Top of Material for this exercise

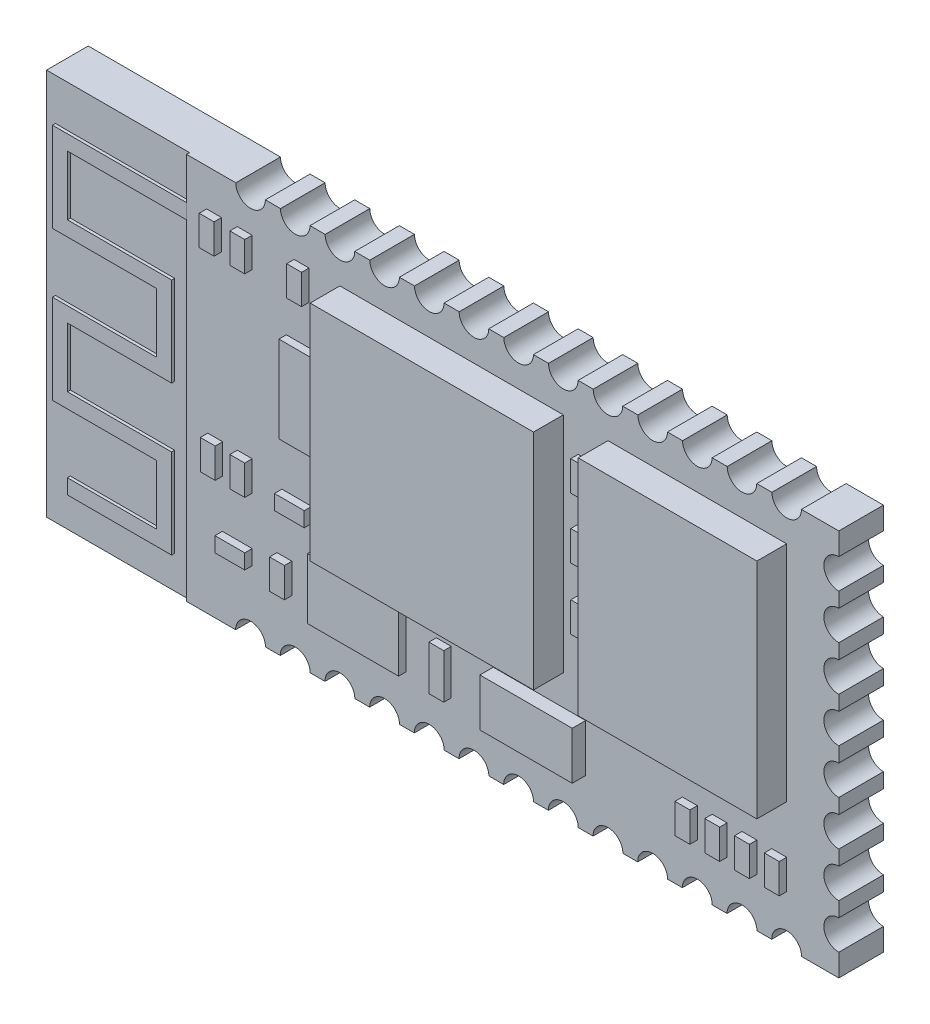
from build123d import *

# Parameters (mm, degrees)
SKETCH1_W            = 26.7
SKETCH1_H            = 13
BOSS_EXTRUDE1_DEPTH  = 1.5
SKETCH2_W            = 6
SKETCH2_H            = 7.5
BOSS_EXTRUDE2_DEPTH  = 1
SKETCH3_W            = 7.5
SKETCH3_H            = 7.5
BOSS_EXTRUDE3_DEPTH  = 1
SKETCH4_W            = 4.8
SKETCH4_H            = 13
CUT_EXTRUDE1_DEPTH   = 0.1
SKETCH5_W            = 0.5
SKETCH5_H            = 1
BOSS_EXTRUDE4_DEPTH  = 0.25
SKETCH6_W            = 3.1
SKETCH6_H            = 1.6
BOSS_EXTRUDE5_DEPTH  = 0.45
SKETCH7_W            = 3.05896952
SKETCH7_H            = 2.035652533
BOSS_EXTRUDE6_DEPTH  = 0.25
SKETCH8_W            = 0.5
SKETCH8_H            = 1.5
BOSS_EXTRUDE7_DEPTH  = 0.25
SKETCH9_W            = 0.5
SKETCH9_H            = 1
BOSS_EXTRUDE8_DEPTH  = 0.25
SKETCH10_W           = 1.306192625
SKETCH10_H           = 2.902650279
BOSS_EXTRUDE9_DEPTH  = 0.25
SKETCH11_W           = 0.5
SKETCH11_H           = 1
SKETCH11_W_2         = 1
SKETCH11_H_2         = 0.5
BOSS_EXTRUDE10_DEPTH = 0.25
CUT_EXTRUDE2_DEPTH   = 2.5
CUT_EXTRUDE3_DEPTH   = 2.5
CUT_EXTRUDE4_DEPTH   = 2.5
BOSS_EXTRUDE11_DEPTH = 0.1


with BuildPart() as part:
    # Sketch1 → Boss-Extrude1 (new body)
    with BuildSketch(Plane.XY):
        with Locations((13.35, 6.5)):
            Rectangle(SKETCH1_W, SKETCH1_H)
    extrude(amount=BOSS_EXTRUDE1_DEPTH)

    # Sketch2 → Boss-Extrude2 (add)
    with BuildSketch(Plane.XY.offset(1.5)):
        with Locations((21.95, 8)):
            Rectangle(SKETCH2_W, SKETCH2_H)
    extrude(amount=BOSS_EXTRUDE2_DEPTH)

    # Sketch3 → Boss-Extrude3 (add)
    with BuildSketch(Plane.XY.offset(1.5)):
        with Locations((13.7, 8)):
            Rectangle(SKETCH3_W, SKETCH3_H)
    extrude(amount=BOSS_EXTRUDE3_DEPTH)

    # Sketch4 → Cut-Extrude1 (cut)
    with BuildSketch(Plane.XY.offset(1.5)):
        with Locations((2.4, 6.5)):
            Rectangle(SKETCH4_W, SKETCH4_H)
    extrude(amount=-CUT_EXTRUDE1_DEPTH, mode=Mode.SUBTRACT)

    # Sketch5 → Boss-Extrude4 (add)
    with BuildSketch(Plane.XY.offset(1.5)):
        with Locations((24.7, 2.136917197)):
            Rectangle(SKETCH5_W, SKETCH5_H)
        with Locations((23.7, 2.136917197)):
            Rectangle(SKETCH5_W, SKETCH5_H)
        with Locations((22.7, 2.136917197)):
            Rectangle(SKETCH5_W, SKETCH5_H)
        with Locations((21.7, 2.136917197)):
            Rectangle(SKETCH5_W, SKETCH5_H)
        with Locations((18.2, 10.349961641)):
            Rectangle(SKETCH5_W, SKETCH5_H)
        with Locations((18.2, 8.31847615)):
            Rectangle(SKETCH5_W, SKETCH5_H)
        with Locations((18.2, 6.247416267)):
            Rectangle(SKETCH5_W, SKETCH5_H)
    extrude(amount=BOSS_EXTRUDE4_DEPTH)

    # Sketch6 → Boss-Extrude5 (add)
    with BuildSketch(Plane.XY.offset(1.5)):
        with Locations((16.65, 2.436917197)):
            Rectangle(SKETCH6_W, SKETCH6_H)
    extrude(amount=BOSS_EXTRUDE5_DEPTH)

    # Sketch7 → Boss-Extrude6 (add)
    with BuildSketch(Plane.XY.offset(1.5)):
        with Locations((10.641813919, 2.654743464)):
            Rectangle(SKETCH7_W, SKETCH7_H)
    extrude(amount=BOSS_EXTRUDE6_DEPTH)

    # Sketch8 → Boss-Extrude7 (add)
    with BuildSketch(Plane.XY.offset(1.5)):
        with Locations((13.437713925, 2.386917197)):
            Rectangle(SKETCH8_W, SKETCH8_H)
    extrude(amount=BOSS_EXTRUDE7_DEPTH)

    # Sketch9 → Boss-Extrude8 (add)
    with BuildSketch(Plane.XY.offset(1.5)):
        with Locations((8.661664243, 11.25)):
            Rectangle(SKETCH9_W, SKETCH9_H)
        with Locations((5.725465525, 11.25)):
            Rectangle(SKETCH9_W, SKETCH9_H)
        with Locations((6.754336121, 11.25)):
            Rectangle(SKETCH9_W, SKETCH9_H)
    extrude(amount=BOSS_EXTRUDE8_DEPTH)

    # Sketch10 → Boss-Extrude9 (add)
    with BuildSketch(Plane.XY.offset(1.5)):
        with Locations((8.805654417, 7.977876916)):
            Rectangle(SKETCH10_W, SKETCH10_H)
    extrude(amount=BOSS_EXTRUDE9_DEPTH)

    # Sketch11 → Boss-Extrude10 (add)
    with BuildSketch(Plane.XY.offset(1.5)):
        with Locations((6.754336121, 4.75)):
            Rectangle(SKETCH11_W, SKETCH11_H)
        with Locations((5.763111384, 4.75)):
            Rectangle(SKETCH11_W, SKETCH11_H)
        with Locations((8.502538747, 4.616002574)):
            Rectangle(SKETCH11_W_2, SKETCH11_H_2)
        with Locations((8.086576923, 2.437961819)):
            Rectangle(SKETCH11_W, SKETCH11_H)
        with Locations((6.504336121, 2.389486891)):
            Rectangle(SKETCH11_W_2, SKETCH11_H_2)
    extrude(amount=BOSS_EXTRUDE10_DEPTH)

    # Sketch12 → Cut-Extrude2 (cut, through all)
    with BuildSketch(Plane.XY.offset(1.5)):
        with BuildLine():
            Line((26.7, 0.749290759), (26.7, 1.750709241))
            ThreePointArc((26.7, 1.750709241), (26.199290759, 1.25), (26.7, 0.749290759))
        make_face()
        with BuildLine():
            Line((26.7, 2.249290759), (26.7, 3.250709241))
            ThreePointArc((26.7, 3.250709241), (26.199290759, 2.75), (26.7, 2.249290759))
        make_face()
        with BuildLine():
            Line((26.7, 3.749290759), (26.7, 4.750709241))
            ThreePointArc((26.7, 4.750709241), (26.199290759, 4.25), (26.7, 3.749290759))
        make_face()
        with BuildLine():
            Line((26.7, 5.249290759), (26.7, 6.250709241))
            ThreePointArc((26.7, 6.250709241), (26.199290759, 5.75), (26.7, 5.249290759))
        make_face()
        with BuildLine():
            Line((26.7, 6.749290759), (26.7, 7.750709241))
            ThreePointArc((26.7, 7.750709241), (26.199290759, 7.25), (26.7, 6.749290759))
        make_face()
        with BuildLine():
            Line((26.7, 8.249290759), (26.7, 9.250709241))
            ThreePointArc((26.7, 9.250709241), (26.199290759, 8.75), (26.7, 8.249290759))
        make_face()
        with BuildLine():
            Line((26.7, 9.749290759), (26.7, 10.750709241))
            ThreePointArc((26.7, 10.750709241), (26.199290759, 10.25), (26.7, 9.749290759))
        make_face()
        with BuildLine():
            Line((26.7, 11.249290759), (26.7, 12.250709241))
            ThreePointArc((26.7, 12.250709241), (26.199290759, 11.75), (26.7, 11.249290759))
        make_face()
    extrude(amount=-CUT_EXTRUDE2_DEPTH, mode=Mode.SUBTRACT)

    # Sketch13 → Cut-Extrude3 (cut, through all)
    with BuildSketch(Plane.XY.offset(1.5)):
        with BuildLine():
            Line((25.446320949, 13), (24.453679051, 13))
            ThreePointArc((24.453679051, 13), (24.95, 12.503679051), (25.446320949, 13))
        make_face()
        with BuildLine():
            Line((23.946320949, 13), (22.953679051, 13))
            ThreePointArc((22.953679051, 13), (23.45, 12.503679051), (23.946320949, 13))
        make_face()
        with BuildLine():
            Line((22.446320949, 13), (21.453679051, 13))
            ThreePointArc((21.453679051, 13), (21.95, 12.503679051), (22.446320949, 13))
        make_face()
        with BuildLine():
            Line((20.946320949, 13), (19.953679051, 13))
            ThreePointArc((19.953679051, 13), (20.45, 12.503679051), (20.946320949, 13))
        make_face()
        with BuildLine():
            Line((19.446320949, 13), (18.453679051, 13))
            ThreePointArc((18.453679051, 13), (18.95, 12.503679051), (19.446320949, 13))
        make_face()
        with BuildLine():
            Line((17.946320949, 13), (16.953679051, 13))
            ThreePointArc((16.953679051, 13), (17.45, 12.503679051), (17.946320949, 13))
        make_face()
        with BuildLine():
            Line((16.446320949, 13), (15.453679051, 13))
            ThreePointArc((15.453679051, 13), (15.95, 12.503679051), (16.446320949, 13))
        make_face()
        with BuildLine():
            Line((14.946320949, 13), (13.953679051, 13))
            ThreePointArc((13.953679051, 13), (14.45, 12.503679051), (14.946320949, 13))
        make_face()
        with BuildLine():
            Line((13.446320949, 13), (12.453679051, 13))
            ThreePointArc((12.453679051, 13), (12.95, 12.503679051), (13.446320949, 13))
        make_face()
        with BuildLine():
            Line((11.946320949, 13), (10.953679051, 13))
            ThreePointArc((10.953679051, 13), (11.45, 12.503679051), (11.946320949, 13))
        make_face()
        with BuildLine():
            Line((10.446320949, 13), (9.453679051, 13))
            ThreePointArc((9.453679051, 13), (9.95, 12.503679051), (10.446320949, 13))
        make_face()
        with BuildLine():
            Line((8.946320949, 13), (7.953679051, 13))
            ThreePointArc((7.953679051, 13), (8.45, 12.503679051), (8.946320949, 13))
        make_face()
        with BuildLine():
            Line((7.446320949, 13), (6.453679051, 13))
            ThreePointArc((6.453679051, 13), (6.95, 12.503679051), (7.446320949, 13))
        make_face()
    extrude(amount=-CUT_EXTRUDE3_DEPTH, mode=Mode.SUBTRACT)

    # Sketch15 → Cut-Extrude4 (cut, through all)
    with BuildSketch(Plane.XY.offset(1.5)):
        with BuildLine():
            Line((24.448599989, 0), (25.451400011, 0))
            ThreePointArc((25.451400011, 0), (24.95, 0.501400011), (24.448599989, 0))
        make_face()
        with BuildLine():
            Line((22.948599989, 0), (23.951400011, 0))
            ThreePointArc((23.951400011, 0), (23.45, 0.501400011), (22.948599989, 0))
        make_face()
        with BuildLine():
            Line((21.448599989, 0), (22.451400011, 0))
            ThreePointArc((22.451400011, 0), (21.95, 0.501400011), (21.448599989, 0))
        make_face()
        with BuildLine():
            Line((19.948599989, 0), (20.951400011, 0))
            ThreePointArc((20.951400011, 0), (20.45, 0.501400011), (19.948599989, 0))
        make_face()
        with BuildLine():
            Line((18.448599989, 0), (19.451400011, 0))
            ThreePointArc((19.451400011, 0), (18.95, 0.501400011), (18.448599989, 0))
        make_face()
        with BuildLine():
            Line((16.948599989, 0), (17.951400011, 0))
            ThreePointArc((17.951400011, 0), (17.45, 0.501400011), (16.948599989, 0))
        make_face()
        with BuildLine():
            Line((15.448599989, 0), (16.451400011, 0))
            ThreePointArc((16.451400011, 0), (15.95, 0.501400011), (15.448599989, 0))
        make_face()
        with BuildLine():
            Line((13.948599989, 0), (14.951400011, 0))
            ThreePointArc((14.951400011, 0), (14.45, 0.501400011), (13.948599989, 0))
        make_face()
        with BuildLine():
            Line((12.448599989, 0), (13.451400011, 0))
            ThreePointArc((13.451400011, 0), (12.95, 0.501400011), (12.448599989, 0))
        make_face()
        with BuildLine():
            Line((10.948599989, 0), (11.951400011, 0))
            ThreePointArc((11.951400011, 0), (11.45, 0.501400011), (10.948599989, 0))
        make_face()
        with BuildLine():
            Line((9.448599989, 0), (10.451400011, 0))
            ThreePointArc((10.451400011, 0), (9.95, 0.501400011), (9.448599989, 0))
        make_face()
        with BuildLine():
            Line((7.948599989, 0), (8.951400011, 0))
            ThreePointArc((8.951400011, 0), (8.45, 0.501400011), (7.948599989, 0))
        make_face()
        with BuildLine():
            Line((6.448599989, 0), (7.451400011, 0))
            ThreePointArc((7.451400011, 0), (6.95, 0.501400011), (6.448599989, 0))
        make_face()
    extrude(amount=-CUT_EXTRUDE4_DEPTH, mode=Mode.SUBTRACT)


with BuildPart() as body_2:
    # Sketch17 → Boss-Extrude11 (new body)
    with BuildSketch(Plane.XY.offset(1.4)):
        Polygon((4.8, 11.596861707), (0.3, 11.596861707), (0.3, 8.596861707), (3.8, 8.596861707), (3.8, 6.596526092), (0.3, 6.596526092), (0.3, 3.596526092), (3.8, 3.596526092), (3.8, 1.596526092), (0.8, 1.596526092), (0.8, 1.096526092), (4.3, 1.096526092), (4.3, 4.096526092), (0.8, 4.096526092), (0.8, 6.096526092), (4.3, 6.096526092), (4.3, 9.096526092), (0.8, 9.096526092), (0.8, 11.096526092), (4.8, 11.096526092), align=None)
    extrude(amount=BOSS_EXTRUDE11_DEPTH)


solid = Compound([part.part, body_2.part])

Bottom of Material for this exercise

- **Aim of the task**
Which lines in the records above contain the word "SUBTRACT"? Copy each one.

- **Reply**
    extrude(amount=-CUT_EXTRUDE1_DEPTH, mode=Mode.SUBTRACT)
    extrude(amount=-CUT_EXTRUDE2_DEPTH, mode=Mode.SUBTRACT)
    extrude(amount=-CUT_EXTRUDE3_DEPTH, mode=Mode.SUBTRACT)
    extrude(amount=-CUT_EXTRUDE4_DEPTH, mode=Mode.SUBTRACT)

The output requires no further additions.